Antibacterial Mechanism of Bacteriolyses of Bacterial Cell Walls by Zinc(Ⅱ) Ion Induced Activations of PGN Autolysins, and DNA damages

Ishida T*

Life and Environment Science Research Division, Japan

*Corresponding Author : Ishida Tsuneo
2-3-6, Saido, Midoriku, Saitama city, Saitama prefecture 336-0907, Japan
Tel: +048-881-3970
E-mail: [email protected]

Received: December 13, 2017 Accepted: December 19, 2017 Published: December 26, 2017

Citation: Ishida T.(2017) Antibacterial Mechanism of Bacteriolyses of Bacterial Cella Wlls by Zinc(Ⅱ) Ion Induced Activations of PGN Autolysins, and DNA damages. J Genes Proteins 1:1.

Abstract

Bacteriolyses and destructions of bacterial cell walls by zinc (?) ion solutions were investigated against Staphylococcus aureus and Escherichia coli. Bacteriolysis of S. aureus peptidoglycan (PGN) cell wall by zinc ion solution is due to the inhibition of PGN elongation by the activations of PGN autolysins of amidases. The other, bacteriolysis and destruction of E. coli cell wall are caused by the destruction of outer membrane structure due to degradative enzymes of lipoproteins at N- and C-terminals, and also inhibition of PGN elongation is dependent on the activities of PGN hydrolases and autolysins of amidase and carboxypeptidase-transpeptidase. Zinc ions induced ROS such as O2?, H2O2, ?OH, OH?producing in bacterial cell wall occur oxidative stress. DNA damages may be due to Zn ion complex formation by Zn2+ substitution into hydrogen bonds in DNA base pairs.
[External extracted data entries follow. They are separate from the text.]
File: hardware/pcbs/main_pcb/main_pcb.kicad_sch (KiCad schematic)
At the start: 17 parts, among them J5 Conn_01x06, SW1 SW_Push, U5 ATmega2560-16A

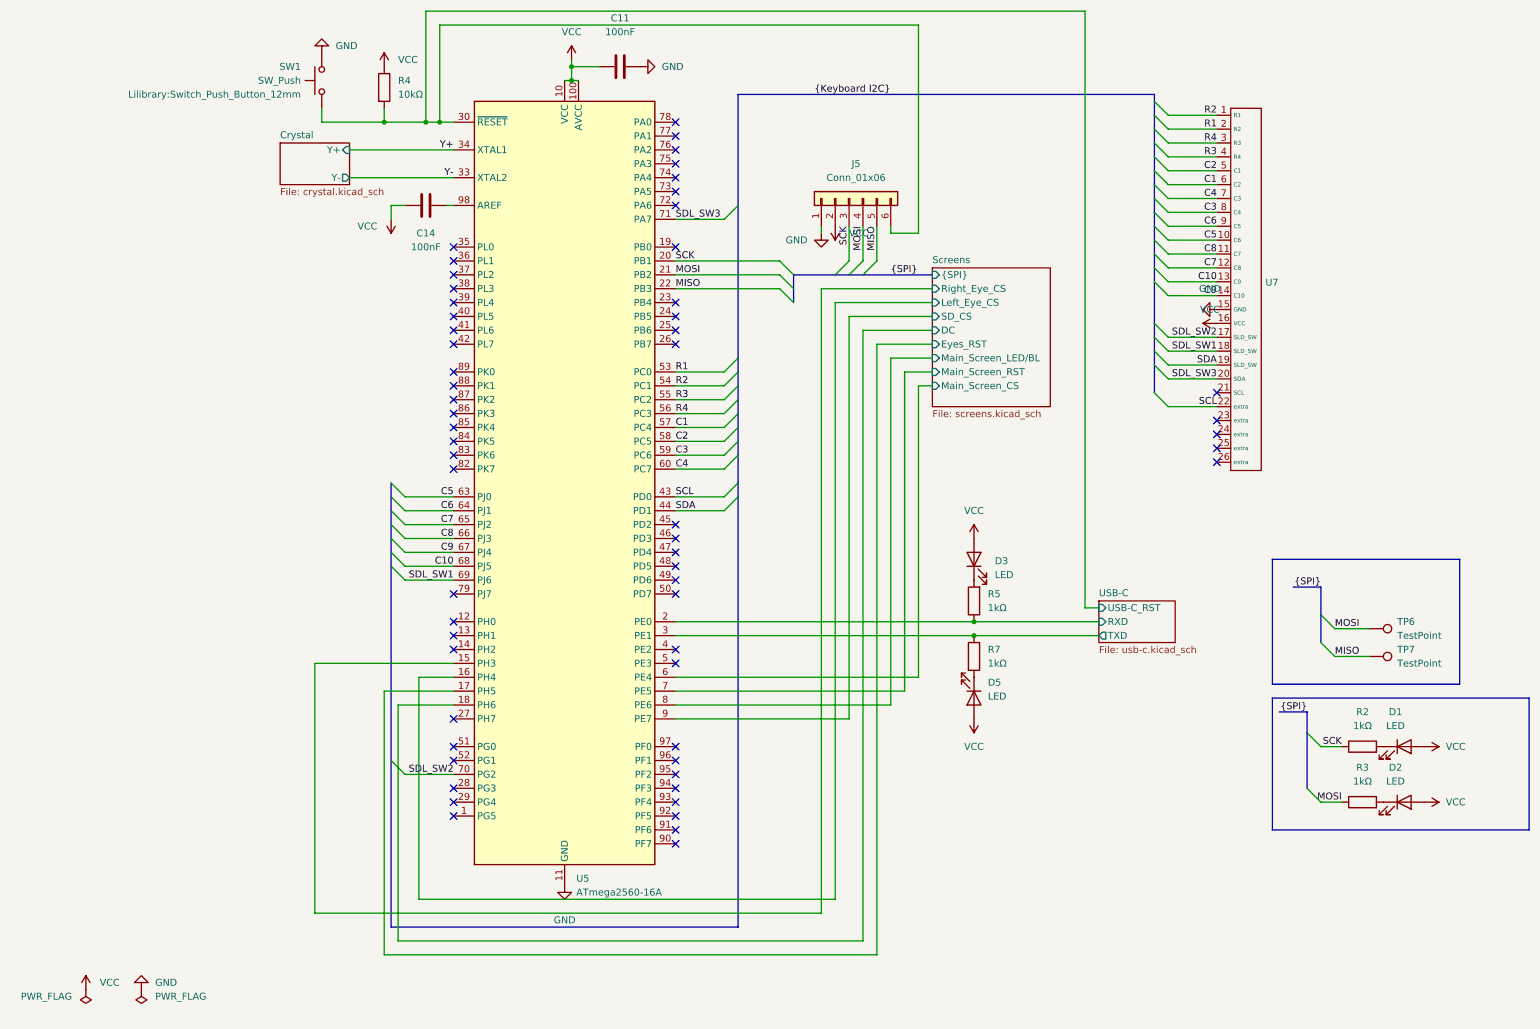
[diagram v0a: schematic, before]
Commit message: Maddie/main pcb schematic cleaning (#88)
* feat(main PCB): Reworks schematic

* feat(main PCB): Removes no longer used BL pin 01x02 header

* feat(main PCB): Fixes main PCB routing issue

* chore: Reworks main PCB schematic/PCB

* chore: Removes old csv file
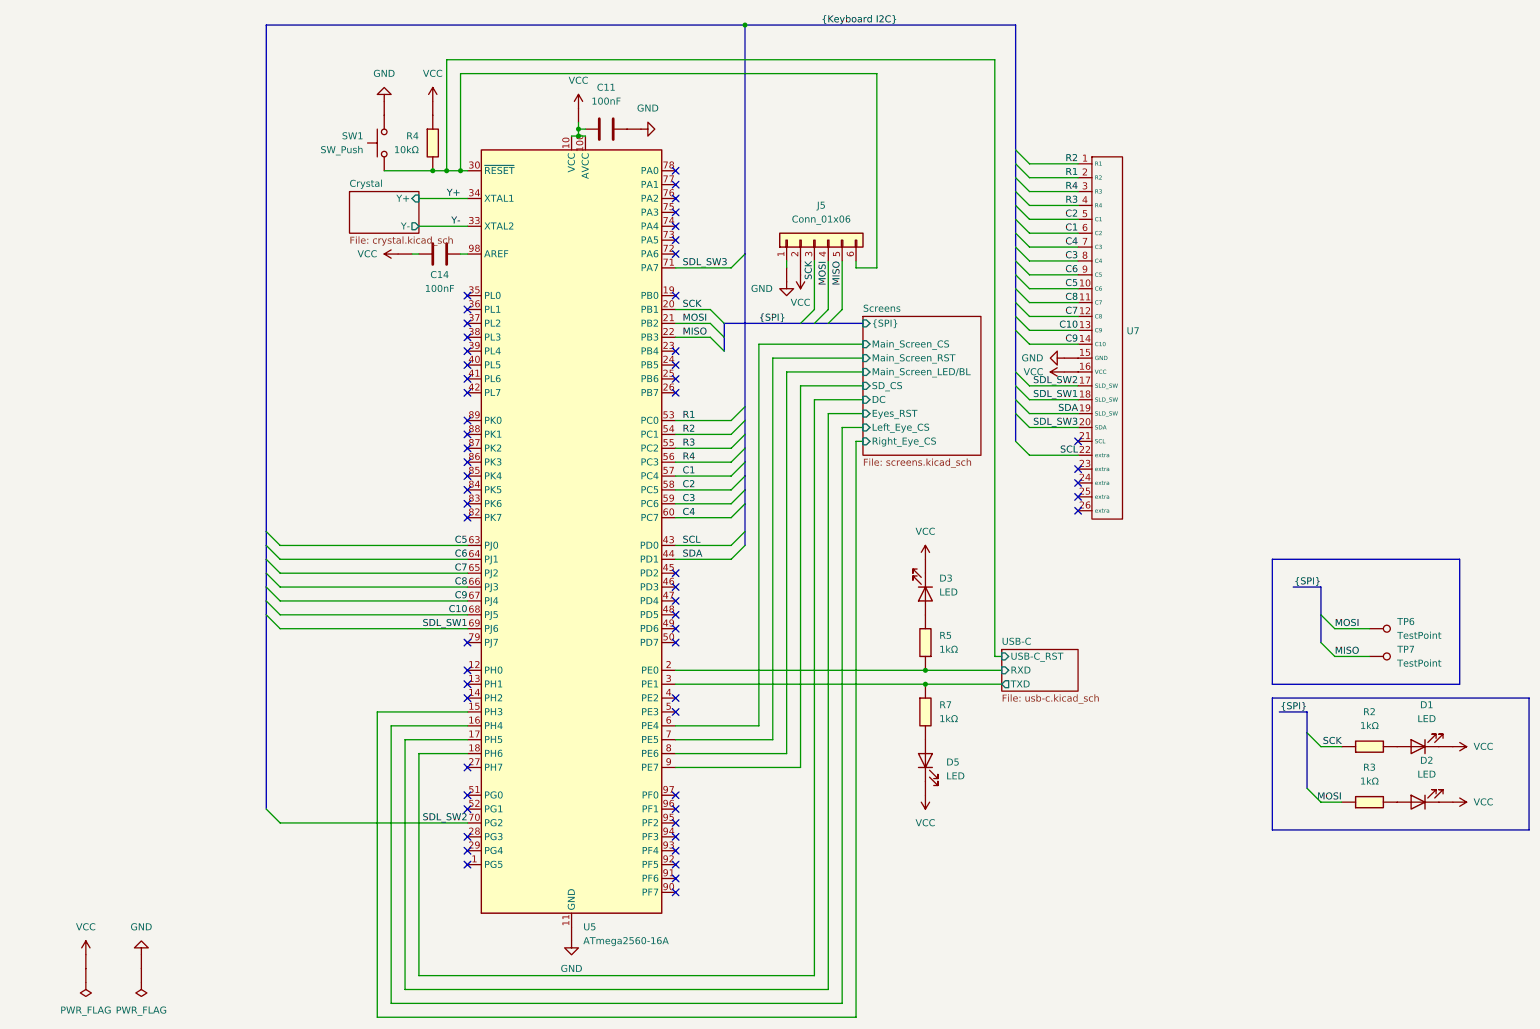
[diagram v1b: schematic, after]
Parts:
- C11, C14: symbol Device:C -> Lilybrary:Capacitor
- D1, D2, D3, D5: symbol Device:LED -> Lilybrary:LED
- J5: symbol Connector_Generic:Conn_01x06 -> Lilybrary:Conn_01x06
- R2, R3, R4, R5, R7: symbol Device:R -> Lilybrary:Resistor
- SW1: symbol Switch:SW_Push -> Lilybrary:SW_Push
- TP6, TP7: symbol Connector:TestPoint -> Lilybrary:TestPoint
- U5: footprint Package_QFP:TQFP-100_14x14mm_P0.5mm -> Lilibrary:ATmega2560-16AU; symbol MCU_Microchip_ATmega:ATmega2560-16A -> Lilybrary:ATmega2560-16A
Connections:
- net VCC: now also D1.1 (K), D2.1 (K), D3.1 (K), D5.1 (K); no longer D1.2 (A), D2.2 (A), D3.2 (A), D5.2 (A)
- net at R5.2: now also D3.2 (A); no longer D3.1 (K)
- net at R2.2: now also D1.2 (A); no longer D1.1 (K)
- net at R7.2: now also D5.2 (A); no longer D5.1 (K)
- net at R3.2: now also D2.2 (A); no longer D2.1 (K)
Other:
- company: (none) -> Lily's Pad
- title: (none) -> Main PCB
- moved on the sheet: C11, C14, D1, D2, D3, D5, J5, SW1, U5, U7
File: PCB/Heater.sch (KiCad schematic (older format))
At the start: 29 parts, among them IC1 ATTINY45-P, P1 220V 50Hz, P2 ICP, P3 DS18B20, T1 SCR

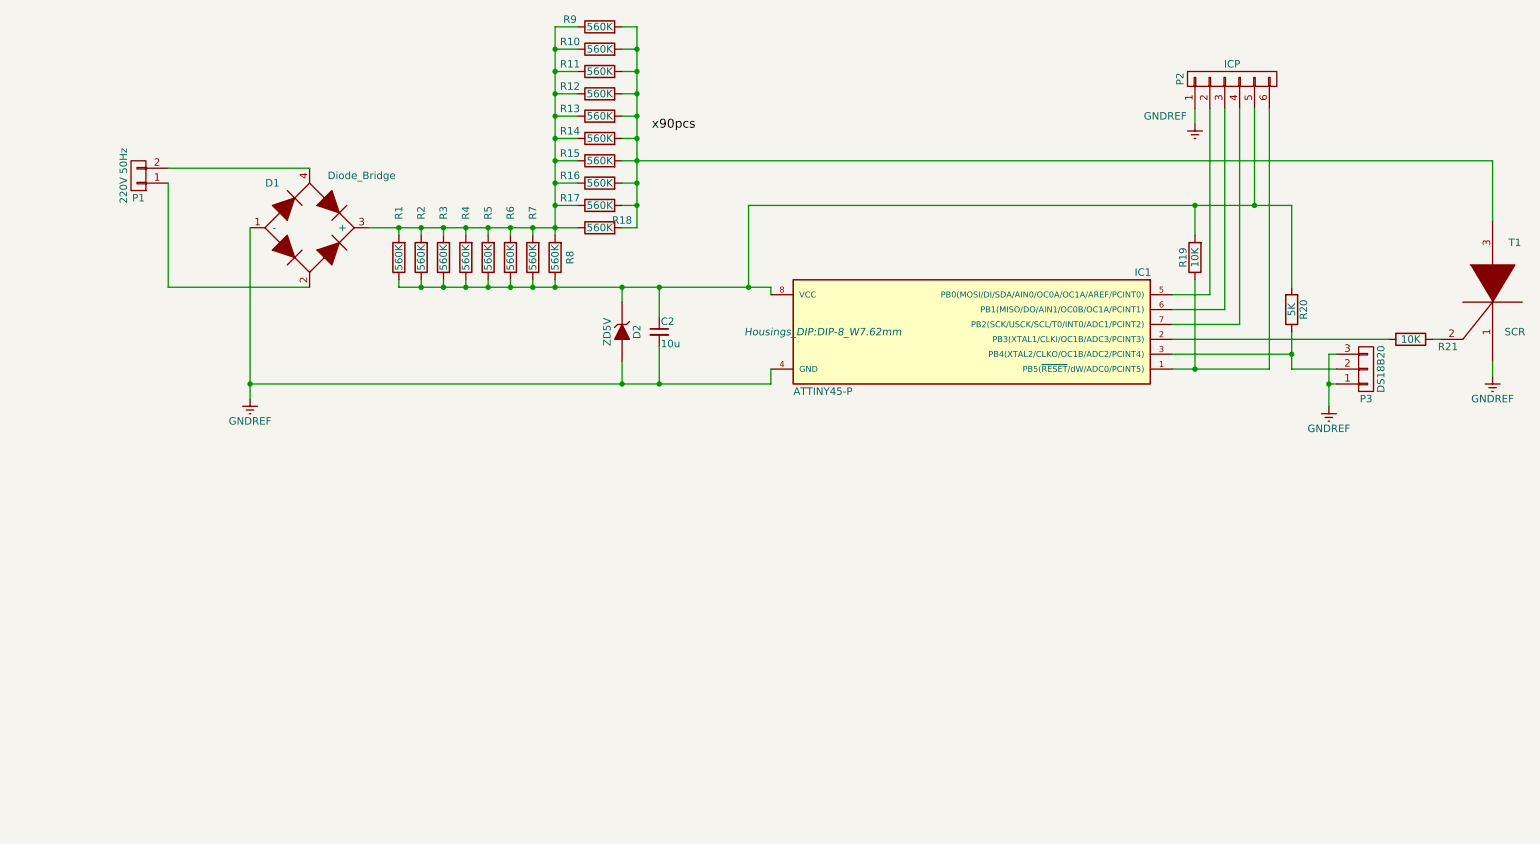
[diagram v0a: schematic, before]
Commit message: Updated Schematic and PCB to use optotriac
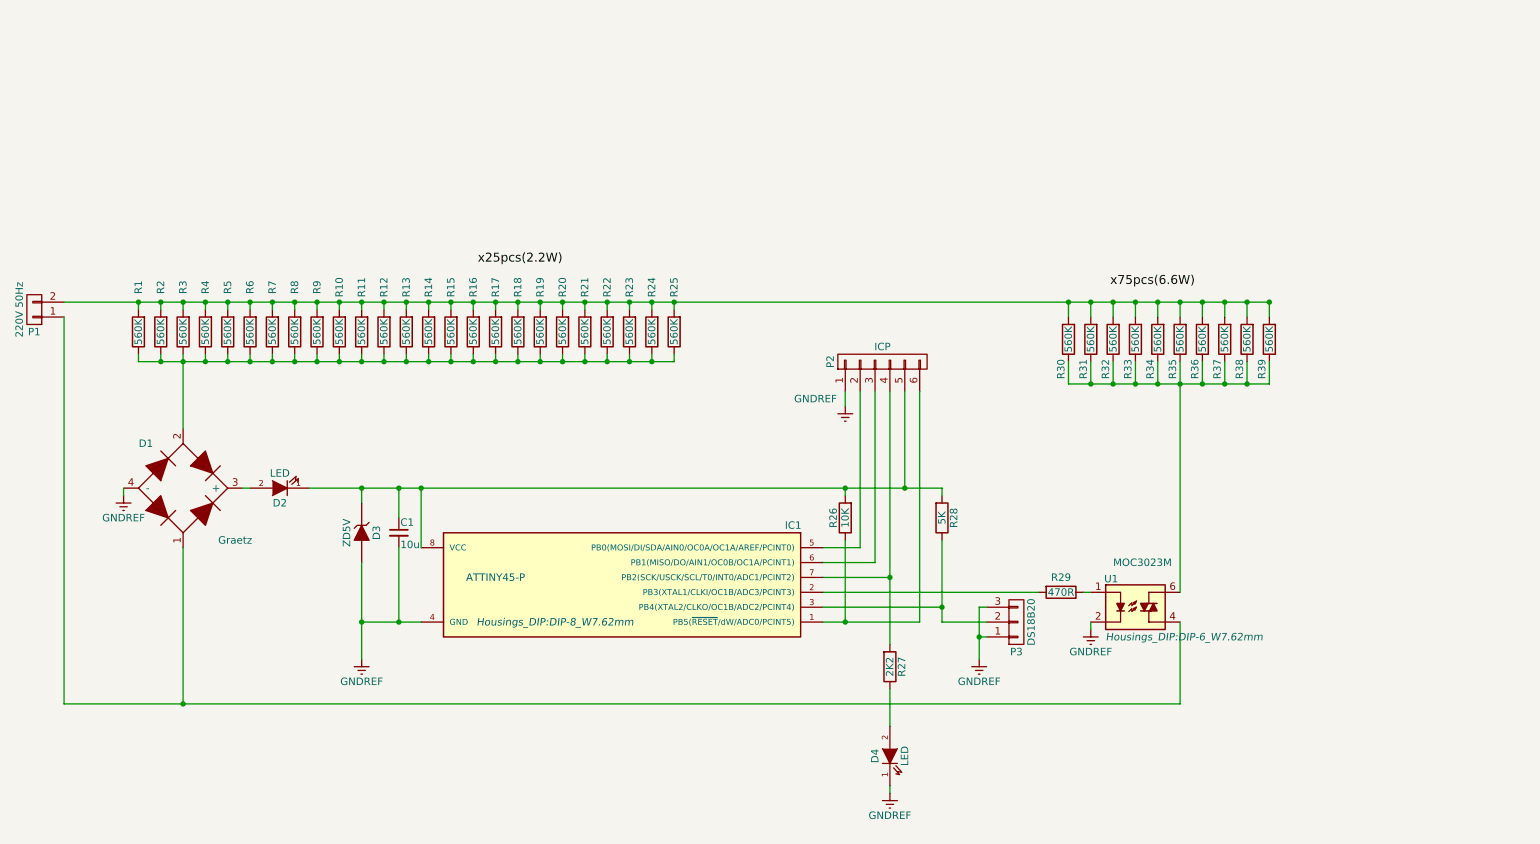
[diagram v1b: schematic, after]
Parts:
- removed D1: Diode_Bridge, Diodes_SMD:Diode_Bridge_TO-269AA, symbol Diode_Bridge
- removed T1: SCR, TO_SOT_Packages_THT:TO-92_Inline_Wide, symbol SCR
- added D1: Graetz, diodebridge:DIP-6_W7.62mm, symbol Graetz
- added D2, D4: LED, Socket_Strips:Socket_Strip_Straight_1x02_Pitch2.54mm, symbol LED
- added R10, R11, R12, R13, R14, R15, R16, R17, R18, R19, R20, R21, R22, R23, R24, R25, R9: 560K, Resistors_SMD:R_0805, symbol R
- added R27: 2K2, Resistors_SMD:R_0805, symbol R
- added U1: MOC3023M, Housings_DIP:DIP-6_W7.62mm, symbol MOC3023M
- R29: renamed from R21; value 10K -> 470R
- renumbered C2 to C1, D2 to D3, R19 to R26, R20 to R28, R9 to R30, R10 to R31, R11 to R32, R12 to R33, R13 to R34, R14 to R35, R15 to R36, R16 to R37, R17 to R38, R18 to R39
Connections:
- net GNDREF: now also D1.4 (-), D4.1 (K), U1.2
- net at IC1.7 (PB2(SCK/USCK/SCL/T0/INT0/ADC1/PCINT2)), P2.4 (P4): now also R27.2
- net at R1.1, R2.1, R3.1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: now also D1.2, R10.1, R11.1, R12.1, R13.1, R14.1, R15.1, R16.1, R17.1, R18.1, R19.1, R20.1, R21.1, R22.1, R23.1, R24.1, R25.1, R9.1; no longer C1.1, D3.1 (K), IC1.8 (VCC), P2.5 (P5), R26.2, R28.2
- net at R30.1, R31.1, R32.1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: now also U1.6; no longer R1.2, R2.2, R3.2, R4.2, R5.2, R6.2, R7.2, R8.2
- net at R29.1: now also U1.1
- net at P1.1 (P1): now also D1.1, U1.4
- net at P1.2 (P2): now also R1.2, R2.2, R3.2, R30.2, R31.2, R32.2, R33.2, R34.2, R35.2, R36.2, R37.2, R38.2, R39.2, R4.2, R5.2, R6.2, R7.2, R8.2, R10.2, R11.2, R12.2, R13.2, R14.2, R15.2, R16.2, R17.2, R18.2, R19.2, R20.2, R21.2, R22.2, R23.2, R24.2, R25.2, R9.2
- new net: C1.1, D2.1 (K), D3.1 (K), IC1.8 (VCC), P2.5 (P5), R26.2, R28.2
- new net: D1.3 (+), D2.2 (A)
- new net: D4.2 (A), R27.1
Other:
- moved on the sheet: C1, D3, IC1, P1, P2, P3, R1, R2, R26, R28, R29, R3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

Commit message: Added fw
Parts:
- D1: footprint diodebridge:DIP-6_W7.62mm -> Diodes_SMD:Diode_Bridge_TO-269AA
- D3: footprint Diodes_SMD:D_MELF -> Diodes_SMD:D_MELF_Handsoldering
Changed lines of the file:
@@
 LIBS:valves
 LIBS:diodebridge
+LIBS:Heater-cache
 EELAYER 25 0
 EELAYER END
@@
 F 0 "D3" H 3150 5150 50  0000 C CNN
 F 1 "ZD5V" H 3150 4950 50  0000 C CNN
-F 2 "Diodes_SMD:D_MELF" H 3150 5050 50  0001 C CNN
+F 2 "Diodes_SMD:D_MELF_Handsoldering" H 3150 5050 50  0001 C CNN
 F 3 "" H 3150 5050 50  0000 C CNN
 	1    3150 5050
@@
 F 0 "D1" H 1700 5050 50  0000 C CNN
 F 1 "Graetz" H 2300 4400 50  0000 C CNN
-F 2 "diodebridge:DIP-6_W7.62mm" H 1950 4750 50  0001 C CNN
+F 2 "Diodes_SMD:Diode_Bridge_TO-269AA" H 1950 4750 50  0001 C CNN
 F 3 "" H 1950 4750 50  0000 C CNN
 	1    1950 4750

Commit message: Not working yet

Keywords: Zinc ions; PGN cell wall; Outer membrane lipoproteins; Bacteriolysis; Degradation; Biosynthesis and autolysin; Reactive oxygen species (ROS); DNA base-pairs

Introduction

Silver, copper, and zinc of transition metals have highly antibacterial activities and are utilized as chemotherapy agents. Recently, antibacterial activities of zinc and its complexes call attention to potential treatments such as prevention of serious diseases [1], exploitation during bacterial pathogenesis [2,3], virus counter- measure [4], anti-cancer and anti-tumor cells [5]. Halo inhibitory tests against Staphylococcus epidermidis were carried out various sulfate solutions, in which the result was also obtained that the antibacterial effect of zinc ions was the highest in the sulfate system with halo inhibitory large zone for zinc ion solutions [6]. In this study, considering such as the highest antibacterial activity for Zn2+ ions obtained from halo inhibitory tests of metallic sulfate solutions, the processes of bacteriolyses and destructions by antibacterial activities of Zn2+ ions are analyzed and considered against thick peptidoglycan(PGN) layer cell wall, and outer membrane-connecting thin PGN layer cell wall. Further, the bacteriolytic mechanisms by zinc (Ⅱ) ions solutions have been revealed against Gram-positive S. aureus and Gram-negative E. coli cell walls, with additional DNA damage by Zn2+-DNA base pairs interactions. These Zn2+-proteins and Zn2+- DNA interactions are considered to enhance the persistence in several forms of Zn-ligand bonds (O, S, NH3, H2O, OH, SCH3, and H ligands) with Zn coordination chemistry and molecular orbital theory.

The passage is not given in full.